START Available data

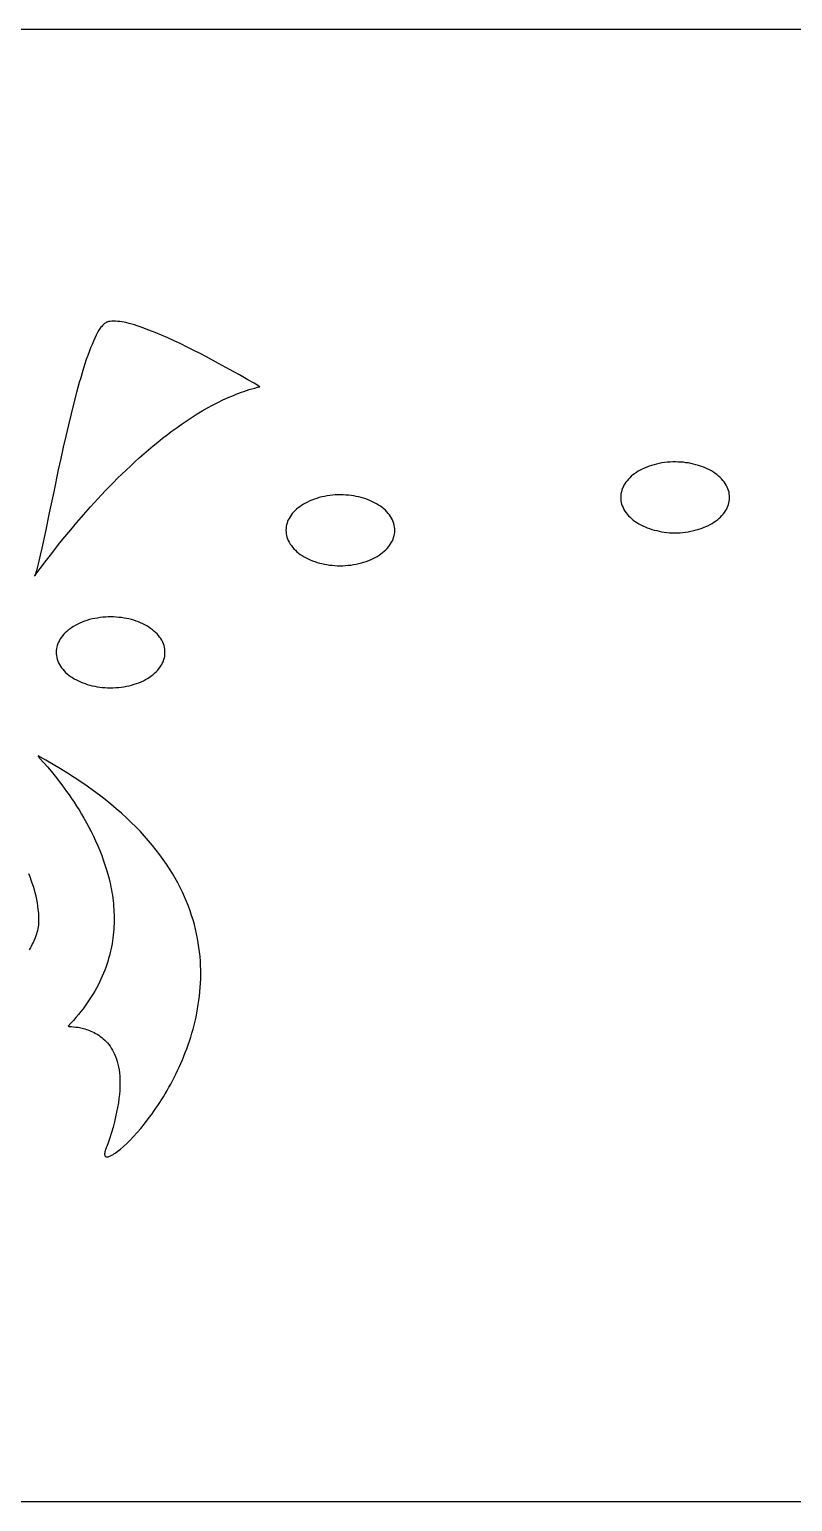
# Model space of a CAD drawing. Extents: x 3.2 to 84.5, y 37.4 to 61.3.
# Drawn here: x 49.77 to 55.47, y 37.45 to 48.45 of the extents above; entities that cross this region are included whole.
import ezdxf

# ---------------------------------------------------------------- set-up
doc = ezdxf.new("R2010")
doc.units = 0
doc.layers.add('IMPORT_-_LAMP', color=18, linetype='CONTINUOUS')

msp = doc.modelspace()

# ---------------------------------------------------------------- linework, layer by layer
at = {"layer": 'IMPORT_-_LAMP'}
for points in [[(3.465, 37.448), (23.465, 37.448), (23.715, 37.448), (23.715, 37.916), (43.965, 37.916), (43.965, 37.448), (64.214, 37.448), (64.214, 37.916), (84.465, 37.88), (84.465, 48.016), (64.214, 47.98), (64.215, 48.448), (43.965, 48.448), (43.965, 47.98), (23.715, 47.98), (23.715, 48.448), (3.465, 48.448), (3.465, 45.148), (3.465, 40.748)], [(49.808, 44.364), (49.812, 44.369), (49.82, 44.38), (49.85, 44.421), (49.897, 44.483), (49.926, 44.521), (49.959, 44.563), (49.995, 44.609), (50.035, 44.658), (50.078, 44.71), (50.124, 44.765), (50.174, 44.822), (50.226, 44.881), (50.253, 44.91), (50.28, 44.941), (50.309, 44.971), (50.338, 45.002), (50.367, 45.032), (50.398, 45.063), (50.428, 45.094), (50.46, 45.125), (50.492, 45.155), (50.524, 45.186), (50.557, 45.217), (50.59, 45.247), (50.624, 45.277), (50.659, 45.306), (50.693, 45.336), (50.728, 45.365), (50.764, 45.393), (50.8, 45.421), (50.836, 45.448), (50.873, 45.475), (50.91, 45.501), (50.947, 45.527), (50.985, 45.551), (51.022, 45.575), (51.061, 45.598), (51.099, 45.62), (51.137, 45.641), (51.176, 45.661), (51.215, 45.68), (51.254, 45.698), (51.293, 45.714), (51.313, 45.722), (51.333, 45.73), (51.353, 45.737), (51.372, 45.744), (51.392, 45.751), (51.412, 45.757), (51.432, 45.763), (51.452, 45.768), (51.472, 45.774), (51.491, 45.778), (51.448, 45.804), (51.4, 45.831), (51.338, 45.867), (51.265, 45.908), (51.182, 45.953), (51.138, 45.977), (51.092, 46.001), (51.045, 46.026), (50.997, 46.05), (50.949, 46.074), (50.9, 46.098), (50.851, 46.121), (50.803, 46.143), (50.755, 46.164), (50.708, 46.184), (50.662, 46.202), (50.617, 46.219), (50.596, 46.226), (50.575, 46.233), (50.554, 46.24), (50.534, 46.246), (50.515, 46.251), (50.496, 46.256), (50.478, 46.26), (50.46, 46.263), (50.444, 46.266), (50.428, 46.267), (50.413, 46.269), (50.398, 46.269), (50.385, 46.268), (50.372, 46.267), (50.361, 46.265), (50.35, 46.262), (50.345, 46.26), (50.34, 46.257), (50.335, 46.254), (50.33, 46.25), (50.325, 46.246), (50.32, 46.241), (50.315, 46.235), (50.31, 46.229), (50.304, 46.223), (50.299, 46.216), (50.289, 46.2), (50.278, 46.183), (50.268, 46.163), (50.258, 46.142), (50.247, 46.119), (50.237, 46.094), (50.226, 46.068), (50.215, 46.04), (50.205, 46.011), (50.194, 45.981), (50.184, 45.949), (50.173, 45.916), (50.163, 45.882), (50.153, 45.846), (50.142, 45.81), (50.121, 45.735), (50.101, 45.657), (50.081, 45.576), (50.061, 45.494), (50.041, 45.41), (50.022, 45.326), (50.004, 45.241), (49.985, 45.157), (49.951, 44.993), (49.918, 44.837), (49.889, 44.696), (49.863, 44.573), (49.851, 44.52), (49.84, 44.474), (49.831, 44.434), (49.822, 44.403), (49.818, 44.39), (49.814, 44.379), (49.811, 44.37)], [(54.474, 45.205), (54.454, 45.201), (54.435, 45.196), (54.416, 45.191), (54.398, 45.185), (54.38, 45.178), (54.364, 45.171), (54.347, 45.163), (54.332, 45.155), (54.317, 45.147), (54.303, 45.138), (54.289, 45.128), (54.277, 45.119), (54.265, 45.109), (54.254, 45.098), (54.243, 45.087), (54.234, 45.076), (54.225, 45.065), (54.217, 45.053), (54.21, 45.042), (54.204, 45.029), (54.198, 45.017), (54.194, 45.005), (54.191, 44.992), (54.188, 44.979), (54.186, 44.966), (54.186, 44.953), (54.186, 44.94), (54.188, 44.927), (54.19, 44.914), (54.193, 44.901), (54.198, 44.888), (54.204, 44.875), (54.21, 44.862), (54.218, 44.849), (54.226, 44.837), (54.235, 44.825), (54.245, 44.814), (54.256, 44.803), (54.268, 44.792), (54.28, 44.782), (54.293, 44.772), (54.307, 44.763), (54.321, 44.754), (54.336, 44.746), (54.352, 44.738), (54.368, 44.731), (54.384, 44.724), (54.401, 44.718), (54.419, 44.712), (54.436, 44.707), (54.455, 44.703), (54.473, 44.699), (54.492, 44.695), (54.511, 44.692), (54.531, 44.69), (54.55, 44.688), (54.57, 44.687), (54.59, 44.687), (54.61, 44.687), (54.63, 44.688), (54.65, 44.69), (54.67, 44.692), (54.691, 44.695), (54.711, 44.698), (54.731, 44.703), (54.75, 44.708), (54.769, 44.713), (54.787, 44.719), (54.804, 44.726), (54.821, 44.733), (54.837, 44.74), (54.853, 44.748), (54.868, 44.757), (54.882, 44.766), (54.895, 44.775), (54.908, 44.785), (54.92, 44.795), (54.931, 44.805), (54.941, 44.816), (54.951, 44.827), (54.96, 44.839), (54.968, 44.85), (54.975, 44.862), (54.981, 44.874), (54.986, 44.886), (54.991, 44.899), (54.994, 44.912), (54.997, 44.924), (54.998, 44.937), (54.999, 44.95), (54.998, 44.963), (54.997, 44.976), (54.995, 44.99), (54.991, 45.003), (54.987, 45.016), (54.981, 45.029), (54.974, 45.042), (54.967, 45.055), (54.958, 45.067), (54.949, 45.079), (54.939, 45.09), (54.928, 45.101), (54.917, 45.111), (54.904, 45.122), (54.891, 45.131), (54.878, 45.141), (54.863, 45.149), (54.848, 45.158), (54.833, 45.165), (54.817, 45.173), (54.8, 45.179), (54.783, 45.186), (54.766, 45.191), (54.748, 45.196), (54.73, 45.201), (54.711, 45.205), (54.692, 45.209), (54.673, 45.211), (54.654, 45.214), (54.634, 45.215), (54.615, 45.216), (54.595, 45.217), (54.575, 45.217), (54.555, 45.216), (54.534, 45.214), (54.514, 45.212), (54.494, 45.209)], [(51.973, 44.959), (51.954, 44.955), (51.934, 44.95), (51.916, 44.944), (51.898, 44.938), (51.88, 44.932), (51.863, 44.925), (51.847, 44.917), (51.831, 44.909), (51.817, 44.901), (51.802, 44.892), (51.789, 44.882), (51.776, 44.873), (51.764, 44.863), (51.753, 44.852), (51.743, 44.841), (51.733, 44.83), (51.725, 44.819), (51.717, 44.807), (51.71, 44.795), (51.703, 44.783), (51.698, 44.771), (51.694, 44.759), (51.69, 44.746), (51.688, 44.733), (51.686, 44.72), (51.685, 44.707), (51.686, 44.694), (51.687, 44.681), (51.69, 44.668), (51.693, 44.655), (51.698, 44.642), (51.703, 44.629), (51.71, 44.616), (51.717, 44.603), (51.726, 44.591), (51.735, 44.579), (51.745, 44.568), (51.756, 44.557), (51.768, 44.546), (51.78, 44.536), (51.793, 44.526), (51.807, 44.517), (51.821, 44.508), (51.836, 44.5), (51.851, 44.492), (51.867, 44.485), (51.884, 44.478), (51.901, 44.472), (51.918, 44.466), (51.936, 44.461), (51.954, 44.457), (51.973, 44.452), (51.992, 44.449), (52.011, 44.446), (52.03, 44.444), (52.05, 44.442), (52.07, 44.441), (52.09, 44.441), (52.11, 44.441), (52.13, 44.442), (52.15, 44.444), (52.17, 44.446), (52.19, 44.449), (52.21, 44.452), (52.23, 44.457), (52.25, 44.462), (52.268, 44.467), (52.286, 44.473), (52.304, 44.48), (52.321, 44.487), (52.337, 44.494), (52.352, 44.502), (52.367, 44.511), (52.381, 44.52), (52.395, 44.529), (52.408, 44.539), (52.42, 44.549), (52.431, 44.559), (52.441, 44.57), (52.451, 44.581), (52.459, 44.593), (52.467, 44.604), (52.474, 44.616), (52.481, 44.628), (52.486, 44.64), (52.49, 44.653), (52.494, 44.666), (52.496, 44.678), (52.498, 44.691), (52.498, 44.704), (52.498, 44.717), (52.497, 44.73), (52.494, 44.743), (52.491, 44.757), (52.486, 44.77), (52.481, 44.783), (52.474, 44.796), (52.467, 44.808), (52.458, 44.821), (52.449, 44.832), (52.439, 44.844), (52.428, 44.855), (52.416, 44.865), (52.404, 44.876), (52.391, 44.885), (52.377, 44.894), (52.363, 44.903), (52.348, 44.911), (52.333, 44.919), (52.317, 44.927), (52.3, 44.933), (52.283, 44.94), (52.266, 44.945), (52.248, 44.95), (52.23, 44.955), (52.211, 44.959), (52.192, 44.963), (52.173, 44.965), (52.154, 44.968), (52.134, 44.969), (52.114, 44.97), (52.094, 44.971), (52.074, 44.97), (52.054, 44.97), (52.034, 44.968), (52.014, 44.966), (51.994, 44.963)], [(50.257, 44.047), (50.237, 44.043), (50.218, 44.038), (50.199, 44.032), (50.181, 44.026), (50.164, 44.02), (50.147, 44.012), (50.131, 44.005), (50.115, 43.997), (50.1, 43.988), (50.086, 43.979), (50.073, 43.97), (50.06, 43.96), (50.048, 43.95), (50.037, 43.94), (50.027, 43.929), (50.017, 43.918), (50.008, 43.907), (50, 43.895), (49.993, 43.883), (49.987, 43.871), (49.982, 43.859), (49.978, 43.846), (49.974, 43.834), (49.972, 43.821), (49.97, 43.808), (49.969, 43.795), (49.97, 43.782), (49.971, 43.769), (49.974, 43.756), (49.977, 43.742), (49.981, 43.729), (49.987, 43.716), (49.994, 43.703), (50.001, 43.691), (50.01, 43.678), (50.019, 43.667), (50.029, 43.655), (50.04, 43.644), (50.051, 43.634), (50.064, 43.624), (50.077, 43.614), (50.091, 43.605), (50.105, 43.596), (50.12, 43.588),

END Available data

Would you output, from the records above, exactly the run of lines that starts at the line containing "# Drawn here: x" and ends at the line containing "doc.layers.add('IMPORT_-_LAMP', color=18, linetype='CONTINUOUS')", and only that run?

# Drawn here: x 49.77 to 55.47, y 37.45 to 48.45 of the extents above; entities that cross this region are included whole.
import ezdxf

# ---------------------------------------------------------------- set-up
doc = ezdxf.new("R2010")
doc.units = 0
doc.layers.add('IMPORT_-_LAMP', color=18, linetype='CONTINUOUS')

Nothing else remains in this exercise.